Information given =>

◇ ◇ ◇ ◇ ◇

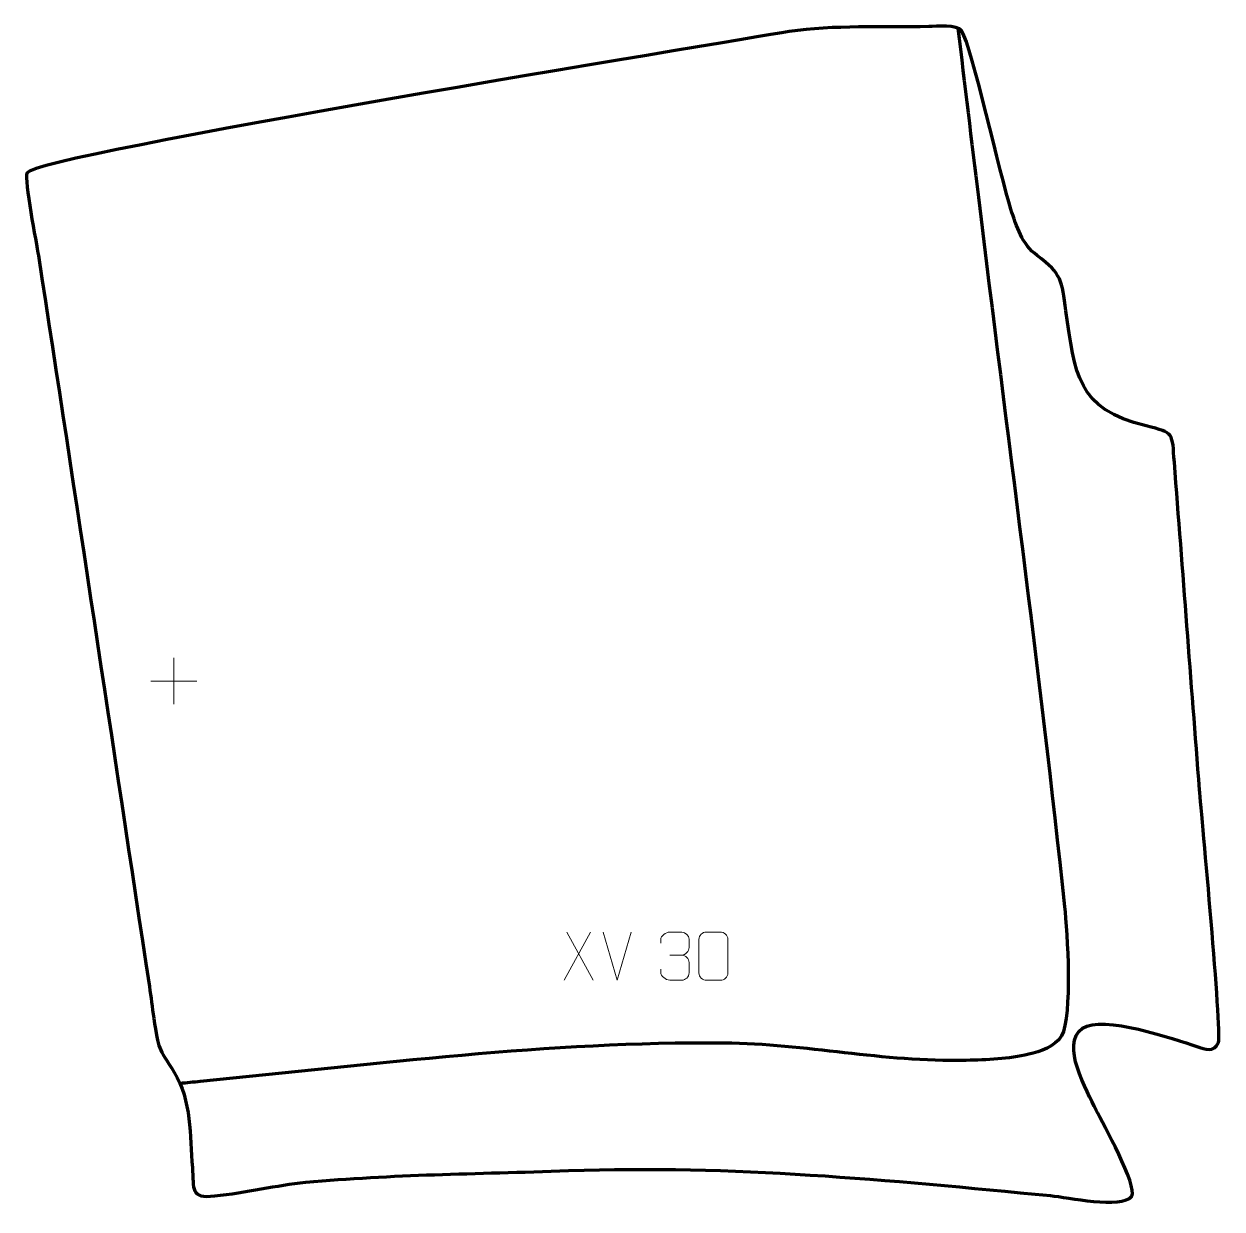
# Model space of a CAD drawing. Header units: millimetres. Extents: x -505 to 117, y 111 to 726.
import ezdxf

# ---------------------------------------------------------------- set-up
doc = ezdxf.new("R2010")
doc.units = ezdxf.units.MM
doc.header["$MEASUREMENT"] = 0
doc.layers.add('layer 2', color=7, linetype='Continuous')
doc.layers.add('layer 3', color=7, linetype='Continuous')

msp = doc.modelspace()

# ---------------------------------------------------------------- linework, layer by layer
at = {"layer": 'layer 2', "color": 142, "lineweight": 158}
msp.add_open_spline([(-19.9978, 723.9203), (-16.4449, 694.6626), (-12.892, 665.4048), (-9.339, 636.1471), (-9.339, 636.1471), (5.5556, 513.5278), (22.3735, 390.6003), (35.4323, 267.8315), (35.4323, 267.8315), (36.8665, 254.2799), (39.547, 211.2998), (33.8565, 200.5625), (33.8565, 200.5625), (30.3943, 194.8561), (22.9594, 192.5599), (16.832, 191.0617), (16.832, 191.0617), (6.4944, 188.5341), (-4.9791, 188.0847), (-15.6138, 187.8501), (-15.6138, 187.8501), (-59.0977, 186.8985), (-98.8732, 196.3868), (-141.3487, 196.7999), (-141.3487, 196.7999), (-232.0657, 197.6821), (-323.1659, 185.6402), (-413.4837, 176.8589), (-413.4837, 176.8589), (-416.9733, 176.5193), (-420.463, 176.1796), (-423.9526, 175.84)], degree=3, knots=[0, 0, 0, 0, 0.11111111, 0.11111111, 0.11111111, 0.11111111, 0.22222222, 0.22222222, 0.22222222, 0.22222222, 0.33333333, 0.33333333, 0.33333333, 0.33333333, 0.44444444, 0.44444444, 0.44444444, 0.44444444, 0.55555556, 0.55555556, 0.55555556, 0.55555556, 0.66666667, 0.66666667, 0.66666667, 0.66666667, 0.77777778, 0.77777778, 0.77777778, 0.77777778, 1, 1, 1, 1], dxfattribs=at)
at = {"layer": 'layer 3', "color": 242, "lineweight": 158}
msp.add_open_spline([(-107.603, 722.1045), (-84.5931, 725.6557), (-58.6082, 724.0546), (-35.053, 724.7311), (-35.053, 724.7311), (-31.1453, 724.8433), (-20.3543, 726.0693), (-17.9383, 722.3398), (-17.9383, 722.3398), (-12.7082, 714.2664), (2.1516, 646.815), (7.5872, 629.8852), (7.5872, 629.8852), (10.487, 620.899), (13.3102, 611.605), (21.18, 605.8369), (21.18, 605.8369), (34.5085, 595.83), (33.7349, 593.1444), (36.1838, 577.0526), (36.1838, 577.0526), (40.9418, 544.5835), (41.5827, 526.007), (77.8656, 517.3039), (77.8656, 517.3039), (92.7182, 513.7413), (91.261, 513.738), (92.4579, 498.4268), (92.4579, 498.4268), (96.8867, 441.7713), (101.1161, 385.0958), (105.5481, 328.4369), (105.5481, 328.4369), (106.6595, 314.228), (117.2259, 203.703), (115.3573, 197.0593), (115.3573, 197.0593), (113.173, 191.9157), (108.5122, 193.522), (104.1018, 195.073), (104.1018, 195.073), (92.39, 199.1121), (55.0076, 211.6529), (44.8043, 204.564), (44.8043, 204.564), (32.7804, 196.2102), (47.2748, 172.1771), (51.8205, 161.966), (51.8205, 161.966), (55.3298, 155.21), (73.4734, 122.8032), (70.3387, 117.2913), (70.3387, 117.2913), (65.0358, 110.6571), (36.7703, 116.7793), (28.1879, 117.6071), (28.1879, 117.6071), (-56.6241, 125.846), (-136.6131, 133.6236), (-222.148, 130.5966), (-222.148, 130.5966), (-271.1794, 128.8614), (-313.4085, 128.7352), (-358.609, 124.5438), (-358.609, 124.5438), (-373.9199, 123.124), (-389.5488, 119.1542), (-405.9448, 117.4403), (-405.9448, 117.4403), (-418.9315, 116.0827), (-416.6052, 120.9398), (-417.5515, 132.2935), (-417.5515, 132.2935), (-418.7157, 148.6466), (-418.0286, 167.2217), (-426.9471, 181.5932), (-426.9471, 181.5932), (-435.3952, 195.2065), (-435.0976, 192.6427), (-437.585, 209.7782), (-437.585, 209.7782), (-438.3827, 215.2735), (-439.1055, 220.7798), (-439.8954, 226.2771), (-439.8954, 226.2771), (-459.1038, 352.7668), (-477.9824, 479.3297), (-497.5242, 605.764), (-497.5242, 605.764), (-498.5403, 612.1158), (-505.0094, 645.2479), (-503.4999, 648.6655), (-503.4999, 648.6655), (-499.3458, 658.0709), (-138.1187, 716.9431), (-107.603, 722.1045)], degree=3, knots=[0, 0, 0, 0, 0.04, 0.04, 0.04, 0.04, 0.08, 0.08, 0.08, 0.08, 0.12, 0.12, 0.12, 0.12, 0.16, 0.16, 0.16, 0.16, 0.2, 0.2, 0.2, 0.2, 0.24, 0.24, 0.24, 0.24, 0.28, 0.28, 0.28, 0.28, 0.32, 0.32, 0.32, 0.32, 0.36, 0.36, 0.36, 0.36, 0.4, 0.4, 0.4, 0.4, 0.44, 0.44, 0.44, 0.44, 0.48, 0.48, 0.48, 0.48, 0.52, 0.52, 0.52, 0.52, 0.56, 0.56, 0.56, 0.56, 0.6, 0.6, 0.6, 0.6, 0.64, 0.64, 0.64, 0.64, 0.68, 0.68, 0.68, 0.68, 0.72, 0.72, 0.72, 0.72, 0.76, 0.76, 0.76, 0.76, 0.8, 0.8, 0.8, 0.8, 0.84, 0.84, 0.84, 0.84, 0.88, 0.88, 0.88, 0.88, 0.92, 0.92, 0.92, 0.92, 1, 1, 1, 1], dxfattribs=at)
at = {"layer": 'layer 3', "color": 250, "lineweight": 9}
for points in [[(-427.1617, 396.8419), (-427.1617, 396.8419), (-427.1617, 372.864), (-427.1617, 372.864)], [(-439.1506, 384.8529), (-439.1506, 384.8529), (-415.1727, 384.8529), (-415.1727, 384.8529)], [(-210.7878, 254.4547), (-210.7878, 254.4547), (-224.5284, 229.5589), (-224.5284, 229.5589)], [(-223.0738, 254.4547), (-223.0738, 254.4547), (-209.3332, 229.5012), (-209.3332, 229.5012)], [(-196.9309, 229.5011), (-196.9309, 229.5011), (-204.2527, 254.4547), (-204.2527, 254.4547)], [(-189.609, 254.4547), (-189.609, 254.4547), (-196.9308, 229.5011), (-196.9308, 229.5011)], [(-169.5857, 242.5252), (-169.5857, 242.5252), (-163.3893, 242.5252), (-163.3893, 242.5252)]]:
    msp.add_open_spline(points, degree=3, dxfattribs=at)
for points, knots in [([(-174.2954, 248.7704), (-174.2954, 248.7704), (-174.2954, 250.6276), (-174.2954, 250.6276), (-174.2954, 250.6276), (-174.3097, 252.3695), (-171.6452, 254.4876), (-169.5861, 254.4649), (-169.5861, 254.4649), (-167.522, 254.4649), (-165.458, 254.4649), (-163.3943, 254.4649), (-163.3943, 254.4649), (-161.1998, 254.4737), (-159.6015, 252.6269), (-159.5571, 250.7148), (-159.5571, 250.7148), (-159.5575, 249.2797), (-159.5575, 247.8446), (-159.5571, 246.4091), (-159.5571, 246.4091), (-159.6057, 244.7556), (-161.2083, 242.5256), (-163.4066, 242.5356), (-163.4066, 242.5356), (-161.2029, 242.5244), (-159.5949, 240.7212), (-159.5409, 238.6617), (-159.5409, 238.6617), (-159.5413, 236.877), (-159.5413, 235.0923), (-159.5409, 233.3072), (-159.5409, 233.3072), (-159.5308, 231.2458), (-161.5857, 229.4827), (-163.4066, 229.4908), (-163.4066, 229.4908), (-165.4719, 229.4911), (-167.5371, 229.4911), (-169.6027, 229.4908), (-169.6027, 229.4908), (-171.7713, 229.5023), (-174.3023, 231.9025), (-174.3209, 233.3643), (-174.3209, 233.3643), (-174.3209, 233.3643), (-174.3209, 235.2729), (-174.3209, 235.2729)], [0, 0, 0, 0, 0.07692308, 0.07692308, 0.07692308, 0.07692308, 0.15384615, 0.15384615, 0.15384615, 0.15384615, 0.23076923, 0.23076923, 0.23076923, 0.23076923, 0.30769231, 0.30769231, 0.30769231, 0.30769231, 0.38461538, 0.38461538, 0.38461538, 0.38461538, 0.46153846, 0.46153846, 0.46153846, 0.46153846, 0.53846154, 0.53846154, 0.53846154, 0.53846154, 0.61538462, 0.61538462, 0.61538462, 0.61538462, 0.69230769, 0.69230769, 0.69230769, 0.69230769, 0.76923077, 0.76923077, 0.76923077, 0.76923077, 0.84615385, 0.84615385, 0.84615385, 0.84615385, 1, 1, 1, 1]), ([(-150.5115, 254.4772), (-148.1454, 254.4772), (-145.7789, 254.4772), (-143.4124, 254.4772), (-143.4124, 254.4772), (-141.4319, 254.5128), (-139.4059, 253.0185), (-139.3788, 250.5764), (-139.3788, 250.5764), (-139.3792, 244.819), (-139.3792, 239.0612), (-139.3788, 233.303), (-139.3788, 233.303), (-139.5209, 230.9754), (-141.2273, 229.4931), (-143.4124, 229.4823), (-143.4124, 229.4823), (-145.7848, 229.4827), (-148.1572, 229.4827), (-150.5292, 229.4823), (-150.5292, 229.4823), (-152.4877, 229.3767), (-154.4941, 231.2646), (-154.4827, 233.2856), (-154.4827, 233.2856), (-154.4823, 239.0662), (-154.4823, 244.8465), (-154.4827, 250.6263), (-154.4827, 250.6263), (-154.4784, 252.7683), (-152.7013, 254.4908), (-150.5115, 254.4772)], [0, 0, 0, 0, 0.11111111, 0.11111111, 0.11111111, 0.11111111, 0.22222222, 0.22222222, 0.22222222, 0.22222222, 0.33333333, 0.33333333, 0.33333333, 0.33333333, 0.44444444, 0.44444444, 0.44444444, 0.44444444, 0.55555556, 0.55555556, 0.55555556, 0.55555556, 0.66666667, 0.66666667, 0.66666667, 0.66666667, 0.77777778, 0.77777778, 0.77777778, 0.77777778, 1, 1, 1, 1])]:
    msp.add_open_spline(points, degree=3, knots=knots, dxfattribs=at)

doc.saveas('drawing.dxf')

◇ ◇ ◇ ◇ ◇

What is required => For the material above, the answer must be only the number of lines holding the word "layer".

Answer => 6